On March 29, 2019, the Illinois Appellate Court, First District, upheld the rule that continued employment for less than two years does not constitute adequate consideration to support noncompetition or nonsolicitation provisions contained in Illinois at-will employment contracts. Axion RMS, Ltd. v. Booth, 2019 IL App (1st) 180724 (First Dist. March 29, 2019). This is the so-called “two-year rule,” established by the Illinois Appellate Court, First District, in its decision in Fifield v. Premier Dealer Services, Inc., 2013 IL App (1st) 120327, which remains fluid and controversial, because the Illinois Supreme Court has not decided the issue. Consequently, federal district court judges may, but are not required to follow the “two-year” rule when determining the enforceability of noncompetition or nonsolicitation agreements under Illinois law. Federal judges in the U.S. District Court for the Northern District of Illinois have split on the issue–some follow the bright-line “two-year rule,” while others determine the enforceability of employment restrictive covenants based upon the totality of the circumstances.

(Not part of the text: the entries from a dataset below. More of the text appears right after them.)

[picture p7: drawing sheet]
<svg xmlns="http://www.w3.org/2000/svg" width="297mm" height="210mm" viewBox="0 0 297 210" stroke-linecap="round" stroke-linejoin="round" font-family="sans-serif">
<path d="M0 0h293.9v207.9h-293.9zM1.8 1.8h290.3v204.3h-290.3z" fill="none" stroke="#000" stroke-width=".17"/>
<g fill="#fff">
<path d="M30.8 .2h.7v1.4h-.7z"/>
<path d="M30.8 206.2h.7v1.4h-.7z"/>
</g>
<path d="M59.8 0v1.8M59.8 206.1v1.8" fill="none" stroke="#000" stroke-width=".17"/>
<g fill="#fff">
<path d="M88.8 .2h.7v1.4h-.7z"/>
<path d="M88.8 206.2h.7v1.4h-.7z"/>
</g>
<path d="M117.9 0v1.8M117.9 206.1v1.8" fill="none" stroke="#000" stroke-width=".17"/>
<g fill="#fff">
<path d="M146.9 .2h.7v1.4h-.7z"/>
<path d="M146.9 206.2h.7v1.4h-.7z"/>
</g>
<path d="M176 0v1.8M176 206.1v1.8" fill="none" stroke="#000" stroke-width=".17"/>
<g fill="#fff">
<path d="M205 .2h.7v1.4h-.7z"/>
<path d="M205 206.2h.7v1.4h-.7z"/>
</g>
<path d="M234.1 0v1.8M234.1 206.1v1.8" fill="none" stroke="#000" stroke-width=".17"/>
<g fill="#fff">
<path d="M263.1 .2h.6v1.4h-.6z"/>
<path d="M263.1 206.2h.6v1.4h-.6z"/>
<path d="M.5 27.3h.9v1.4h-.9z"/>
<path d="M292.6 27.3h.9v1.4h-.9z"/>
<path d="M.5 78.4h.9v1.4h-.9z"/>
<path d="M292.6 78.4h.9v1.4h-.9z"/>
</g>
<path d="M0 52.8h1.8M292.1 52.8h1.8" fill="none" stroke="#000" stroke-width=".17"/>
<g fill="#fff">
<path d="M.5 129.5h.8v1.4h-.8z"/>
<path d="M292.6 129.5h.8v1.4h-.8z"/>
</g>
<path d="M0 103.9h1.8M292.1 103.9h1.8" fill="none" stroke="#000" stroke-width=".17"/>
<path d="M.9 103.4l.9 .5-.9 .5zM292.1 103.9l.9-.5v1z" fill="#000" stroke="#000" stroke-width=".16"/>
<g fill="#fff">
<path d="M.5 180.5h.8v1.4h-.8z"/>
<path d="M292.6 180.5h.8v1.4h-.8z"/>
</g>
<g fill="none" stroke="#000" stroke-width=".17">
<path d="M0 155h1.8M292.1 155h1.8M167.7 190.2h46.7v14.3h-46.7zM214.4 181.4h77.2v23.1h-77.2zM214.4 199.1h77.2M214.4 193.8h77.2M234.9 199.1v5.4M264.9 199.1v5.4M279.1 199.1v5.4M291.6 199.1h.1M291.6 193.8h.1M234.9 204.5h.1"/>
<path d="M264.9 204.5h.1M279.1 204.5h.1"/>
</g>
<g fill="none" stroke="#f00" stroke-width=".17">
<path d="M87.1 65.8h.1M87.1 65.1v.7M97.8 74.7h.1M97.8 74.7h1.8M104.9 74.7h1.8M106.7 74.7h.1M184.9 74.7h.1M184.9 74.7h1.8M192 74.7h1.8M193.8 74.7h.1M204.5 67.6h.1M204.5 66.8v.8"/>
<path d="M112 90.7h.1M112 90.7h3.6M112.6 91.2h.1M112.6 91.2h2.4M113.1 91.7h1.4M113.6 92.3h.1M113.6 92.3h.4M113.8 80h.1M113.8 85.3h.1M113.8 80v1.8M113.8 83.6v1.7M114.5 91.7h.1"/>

In Axion, the appellate court held that, “where restrictive covenants are supported by adequate consideration based exclusively on continued employment, the employee’s employment must continue for at least two years after execution of the restrictive covenant.” Therefore, the employee’s employment for less than a year after he entered into the employment agreement was insufficient to constitute adequate consideration; and due to the lack of adequate consideration, the noncompetition clause was unenforceable. Thus, the trial court did not err in dismissing Axion’s complaint. It should be noted, however, that restrictive covenants in employment agreements may be supported by consideration other than continued employment, such as salary increases, bonuses, or special payments allocated as consideration for the restrictive covenant.